TASK DATA:
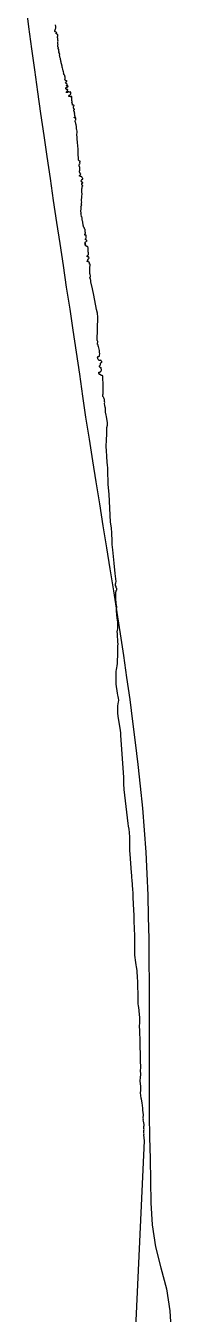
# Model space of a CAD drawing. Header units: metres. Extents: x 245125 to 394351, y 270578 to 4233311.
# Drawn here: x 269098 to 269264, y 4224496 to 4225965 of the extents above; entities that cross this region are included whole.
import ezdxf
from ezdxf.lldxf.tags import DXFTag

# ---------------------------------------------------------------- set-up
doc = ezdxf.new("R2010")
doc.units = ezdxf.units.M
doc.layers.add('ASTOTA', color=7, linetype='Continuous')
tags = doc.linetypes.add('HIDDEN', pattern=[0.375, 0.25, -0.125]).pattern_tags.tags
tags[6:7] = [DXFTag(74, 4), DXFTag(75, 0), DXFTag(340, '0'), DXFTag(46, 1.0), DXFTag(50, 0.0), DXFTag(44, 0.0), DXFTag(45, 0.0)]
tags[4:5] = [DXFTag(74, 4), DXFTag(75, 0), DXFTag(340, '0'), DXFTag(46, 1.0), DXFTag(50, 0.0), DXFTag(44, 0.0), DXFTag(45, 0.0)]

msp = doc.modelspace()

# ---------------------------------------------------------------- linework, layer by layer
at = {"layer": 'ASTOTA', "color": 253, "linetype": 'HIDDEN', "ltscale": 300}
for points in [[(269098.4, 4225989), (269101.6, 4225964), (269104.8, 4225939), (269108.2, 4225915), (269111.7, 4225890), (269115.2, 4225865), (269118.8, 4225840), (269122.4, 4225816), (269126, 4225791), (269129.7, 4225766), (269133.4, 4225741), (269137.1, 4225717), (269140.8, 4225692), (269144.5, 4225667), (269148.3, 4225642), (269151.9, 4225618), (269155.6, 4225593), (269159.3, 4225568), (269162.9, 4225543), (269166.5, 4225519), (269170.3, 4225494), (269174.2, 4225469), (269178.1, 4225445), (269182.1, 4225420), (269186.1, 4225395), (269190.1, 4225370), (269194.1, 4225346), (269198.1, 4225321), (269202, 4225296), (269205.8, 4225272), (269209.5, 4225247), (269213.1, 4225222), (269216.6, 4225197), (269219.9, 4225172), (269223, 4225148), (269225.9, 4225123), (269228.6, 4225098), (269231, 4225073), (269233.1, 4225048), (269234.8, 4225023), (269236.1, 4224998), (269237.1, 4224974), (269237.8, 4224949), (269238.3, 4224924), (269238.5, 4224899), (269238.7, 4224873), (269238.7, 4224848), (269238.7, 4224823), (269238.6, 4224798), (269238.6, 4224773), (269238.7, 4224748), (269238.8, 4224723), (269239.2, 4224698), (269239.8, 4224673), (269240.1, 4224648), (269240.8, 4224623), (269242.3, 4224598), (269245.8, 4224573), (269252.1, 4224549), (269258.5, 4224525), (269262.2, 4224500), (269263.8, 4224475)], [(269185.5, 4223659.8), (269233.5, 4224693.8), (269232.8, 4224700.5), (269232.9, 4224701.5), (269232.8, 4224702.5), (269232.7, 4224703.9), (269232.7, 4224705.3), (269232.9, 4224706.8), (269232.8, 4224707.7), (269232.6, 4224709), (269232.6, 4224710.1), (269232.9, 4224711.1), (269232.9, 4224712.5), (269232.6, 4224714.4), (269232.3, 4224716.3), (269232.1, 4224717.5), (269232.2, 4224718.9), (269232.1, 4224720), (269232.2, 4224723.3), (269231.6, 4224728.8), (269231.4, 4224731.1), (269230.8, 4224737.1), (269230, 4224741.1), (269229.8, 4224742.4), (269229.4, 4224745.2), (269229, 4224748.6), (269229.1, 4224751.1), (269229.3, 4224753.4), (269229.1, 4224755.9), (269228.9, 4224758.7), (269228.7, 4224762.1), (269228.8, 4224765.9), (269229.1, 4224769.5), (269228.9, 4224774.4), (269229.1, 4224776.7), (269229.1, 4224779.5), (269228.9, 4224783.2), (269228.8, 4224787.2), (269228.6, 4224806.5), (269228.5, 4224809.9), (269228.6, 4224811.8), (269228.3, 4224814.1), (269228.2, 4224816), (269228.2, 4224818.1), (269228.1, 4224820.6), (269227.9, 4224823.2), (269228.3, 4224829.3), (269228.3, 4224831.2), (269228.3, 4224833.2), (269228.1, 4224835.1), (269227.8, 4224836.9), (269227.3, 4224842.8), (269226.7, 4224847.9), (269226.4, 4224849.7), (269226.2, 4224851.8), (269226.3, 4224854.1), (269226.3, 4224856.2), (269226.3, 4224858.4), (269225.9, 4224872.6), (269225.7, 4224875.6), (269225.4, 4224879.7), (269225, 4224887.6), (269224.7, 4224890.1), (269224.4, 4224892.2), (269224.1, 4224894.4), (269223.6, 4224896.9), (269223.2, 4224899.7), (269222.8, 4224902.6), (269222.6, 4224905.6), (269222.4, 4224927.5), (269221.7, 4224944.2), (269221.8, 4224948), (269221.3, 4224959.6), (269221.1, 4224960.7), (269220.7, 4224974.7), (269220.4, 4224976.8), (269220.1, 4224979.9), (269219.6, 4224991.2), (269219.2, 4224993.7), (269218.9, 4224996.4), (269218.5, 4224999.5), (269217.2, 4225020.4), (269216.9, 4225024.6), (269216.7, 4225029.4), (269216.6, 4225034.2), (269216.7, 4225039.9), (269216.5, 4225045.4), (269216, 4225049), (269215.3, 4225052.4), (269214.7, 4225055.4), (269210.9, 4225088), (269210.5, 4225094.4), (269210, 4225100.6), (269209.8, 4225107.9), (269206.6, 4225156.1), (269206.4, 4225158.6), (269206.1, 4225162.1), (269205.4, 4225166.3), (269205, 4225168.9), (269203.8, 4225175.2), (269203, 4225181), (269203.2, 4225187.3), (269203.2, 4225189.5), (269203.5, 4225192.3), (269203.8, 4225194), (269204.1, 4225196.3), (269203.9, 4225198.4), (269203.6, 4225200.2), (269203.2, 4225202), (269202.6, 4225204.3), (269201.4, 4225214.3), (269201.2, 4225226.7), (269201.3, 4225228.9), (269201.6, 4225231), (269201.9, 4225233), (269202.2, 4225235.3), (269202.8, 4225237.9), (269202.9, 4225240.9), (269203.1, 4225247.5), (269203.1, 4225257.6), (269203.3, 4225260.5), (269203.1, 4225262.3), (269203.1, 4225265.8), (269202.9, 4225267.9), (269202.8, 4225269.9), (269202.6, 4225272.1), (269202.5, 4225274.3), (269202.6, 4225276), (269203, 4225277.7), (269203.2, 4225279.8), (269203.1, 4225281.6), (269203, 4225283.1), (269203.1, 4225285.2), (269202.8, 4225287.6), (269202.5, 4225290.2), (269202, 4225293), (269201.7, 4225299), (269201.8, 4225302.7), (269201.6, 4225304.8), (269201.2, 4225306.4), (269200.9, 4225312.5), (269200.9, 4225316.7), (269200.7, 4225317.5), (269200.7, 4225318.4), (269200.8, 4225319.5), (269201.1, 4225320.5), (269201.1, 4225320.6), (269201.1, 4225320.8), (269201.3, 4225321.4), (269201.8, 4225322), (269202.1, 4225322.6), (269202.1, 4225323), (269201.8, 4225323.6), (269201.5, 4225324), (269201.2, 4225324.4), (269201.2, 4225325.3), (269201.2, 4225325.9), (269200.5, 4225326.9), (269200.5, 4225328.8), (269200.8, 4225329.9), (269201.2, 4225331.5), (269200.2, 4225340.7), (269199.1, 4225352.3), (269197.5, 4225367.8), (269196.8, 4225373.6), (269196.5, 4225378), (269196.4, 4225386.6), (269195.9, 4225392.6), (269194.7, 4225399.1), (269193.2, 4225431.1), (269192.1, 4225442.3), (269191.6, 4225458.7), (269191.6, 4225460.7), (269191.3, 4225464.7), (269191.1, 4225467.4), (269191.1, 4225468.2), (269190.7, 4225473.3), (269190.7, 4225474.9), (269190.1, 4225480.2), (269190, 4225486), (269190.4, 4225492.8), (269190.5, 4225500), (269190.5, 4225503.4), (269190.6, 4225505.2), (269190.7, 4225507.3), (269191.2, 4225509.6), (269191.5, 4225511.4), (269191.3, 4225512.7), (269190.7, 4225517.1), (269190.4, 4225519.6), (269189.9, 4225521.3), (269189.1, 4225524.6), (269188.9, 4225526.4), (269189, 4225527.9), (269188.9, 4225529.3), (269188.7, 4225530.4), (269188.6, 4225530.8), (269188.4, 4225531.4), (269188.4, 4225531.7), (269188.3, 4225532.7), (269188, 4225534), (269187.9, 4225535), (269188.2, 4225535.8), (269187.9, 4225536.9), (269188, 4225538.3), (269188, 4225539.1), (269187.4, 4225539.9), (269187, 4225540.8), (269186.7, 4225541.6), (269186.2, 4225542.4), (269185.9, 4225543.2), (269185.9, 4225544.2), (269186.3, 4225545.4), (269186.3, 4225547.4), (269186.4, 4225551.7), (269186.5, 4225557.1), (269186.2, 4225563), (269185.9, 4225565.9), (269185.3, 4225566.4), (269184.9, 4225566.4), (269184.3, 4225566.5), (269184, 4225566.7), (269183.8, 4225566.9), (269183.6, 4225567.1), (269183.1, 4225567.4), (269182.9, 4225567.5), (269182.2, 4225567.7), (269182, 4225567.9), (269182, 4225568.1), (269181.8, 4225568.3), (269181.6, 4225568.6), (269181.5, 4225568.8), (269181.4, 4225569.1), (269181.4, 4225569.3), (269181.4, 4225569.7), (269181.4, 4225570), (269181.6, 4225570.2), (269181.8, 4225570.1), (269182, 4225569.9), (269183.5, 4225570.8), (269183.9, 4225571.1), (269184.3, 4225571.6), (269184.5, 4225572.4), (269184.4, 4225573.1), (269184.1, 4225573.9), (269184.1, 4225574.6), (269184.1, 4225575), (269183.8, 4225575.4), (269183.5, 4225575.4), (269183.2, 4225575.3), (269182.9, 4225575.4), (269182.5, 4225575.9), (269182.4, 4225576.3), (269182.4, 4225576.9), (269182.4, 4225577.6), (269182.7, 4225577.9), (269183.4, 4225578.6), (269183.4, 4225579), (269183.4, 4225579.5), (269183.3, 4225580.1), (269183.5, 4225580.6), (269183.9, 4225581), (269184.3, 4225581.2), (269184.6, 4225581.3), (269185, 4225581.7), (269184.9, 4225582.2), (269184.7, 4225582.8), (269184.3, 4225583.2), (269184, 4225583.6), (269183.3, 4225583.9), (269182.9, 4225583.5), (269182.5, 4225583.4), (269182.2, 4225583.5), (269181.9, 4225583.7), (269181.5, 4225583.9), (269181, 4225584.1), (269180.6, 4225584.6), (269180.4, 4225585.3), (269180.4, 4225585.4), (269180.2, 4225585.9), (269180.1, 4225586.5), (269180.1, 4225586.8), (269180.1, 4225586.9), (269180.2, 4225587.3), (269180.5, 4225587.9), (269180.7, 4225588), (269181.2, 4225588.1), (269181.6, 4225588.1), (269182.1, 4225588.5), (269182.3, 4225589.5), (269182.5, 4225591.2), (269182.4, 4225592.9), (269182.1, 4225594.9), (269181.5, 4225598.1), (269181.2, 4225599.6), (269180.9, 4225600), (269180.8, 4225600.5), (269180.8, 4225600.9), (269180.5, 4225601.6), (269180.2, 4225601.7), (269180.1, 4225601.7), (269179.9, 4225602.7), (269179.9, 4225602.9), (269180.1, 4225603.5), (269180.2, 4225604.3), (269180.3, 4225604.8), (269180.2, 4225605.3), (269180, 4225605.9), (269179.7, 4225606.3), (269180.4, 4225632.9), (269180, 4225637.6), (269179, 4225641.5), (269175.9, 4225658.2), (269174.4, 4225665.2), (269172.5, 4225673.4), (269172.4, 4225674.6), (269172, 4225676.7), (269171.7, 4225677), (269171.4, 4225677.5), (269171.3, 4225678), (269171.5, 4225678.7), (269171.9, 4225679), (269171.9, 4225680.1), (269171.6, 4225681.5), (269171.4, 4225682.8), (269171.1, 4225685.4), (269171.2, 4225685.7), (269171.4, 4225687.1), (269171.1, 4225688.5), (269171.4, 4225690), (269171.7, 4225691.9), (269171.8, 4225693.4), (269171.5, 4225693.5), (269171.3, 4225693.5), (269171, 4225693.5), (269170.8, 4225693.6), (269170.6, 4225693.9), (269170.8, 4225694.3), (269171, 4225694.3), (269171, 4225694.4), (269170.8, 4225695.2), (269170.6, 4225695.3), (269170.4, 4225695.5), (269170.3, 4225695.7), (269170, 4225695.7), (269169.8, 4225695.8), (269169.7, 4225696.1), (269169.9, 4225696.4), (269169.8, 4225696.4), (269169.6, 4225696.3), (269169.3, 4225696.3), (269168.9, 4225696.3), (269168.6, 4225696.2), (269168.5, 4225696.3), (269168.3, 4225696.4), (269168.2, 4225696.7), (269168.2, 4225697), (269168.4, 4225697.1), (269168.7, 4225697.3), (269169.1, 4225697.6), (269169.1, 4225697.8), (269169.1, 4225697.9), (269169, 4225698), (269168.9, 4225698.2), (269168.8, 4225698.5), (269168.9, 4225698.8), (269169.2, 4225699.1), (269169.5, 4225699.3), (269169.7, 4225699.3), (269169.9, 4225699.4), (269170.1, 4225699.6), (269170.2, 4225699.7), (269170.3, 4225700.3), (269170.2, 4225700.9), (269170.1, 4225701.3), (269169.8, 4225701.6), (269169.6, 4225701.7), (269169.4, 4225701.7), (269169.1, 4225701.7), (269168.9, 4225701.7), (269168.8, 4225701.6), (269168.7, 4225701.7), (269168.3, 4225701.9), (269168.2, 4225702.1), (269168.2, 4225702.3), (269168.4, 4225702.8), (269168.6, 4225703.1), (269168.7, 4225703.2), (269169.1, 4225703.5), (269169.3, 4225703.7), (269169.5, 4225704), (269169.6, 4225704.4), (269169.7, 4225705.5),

ACTIVITY: Count every line of the records above in which the string "HIDDEN" appears. The number alone is to be given.

SOLUTION TO THIS EXERCISE: 2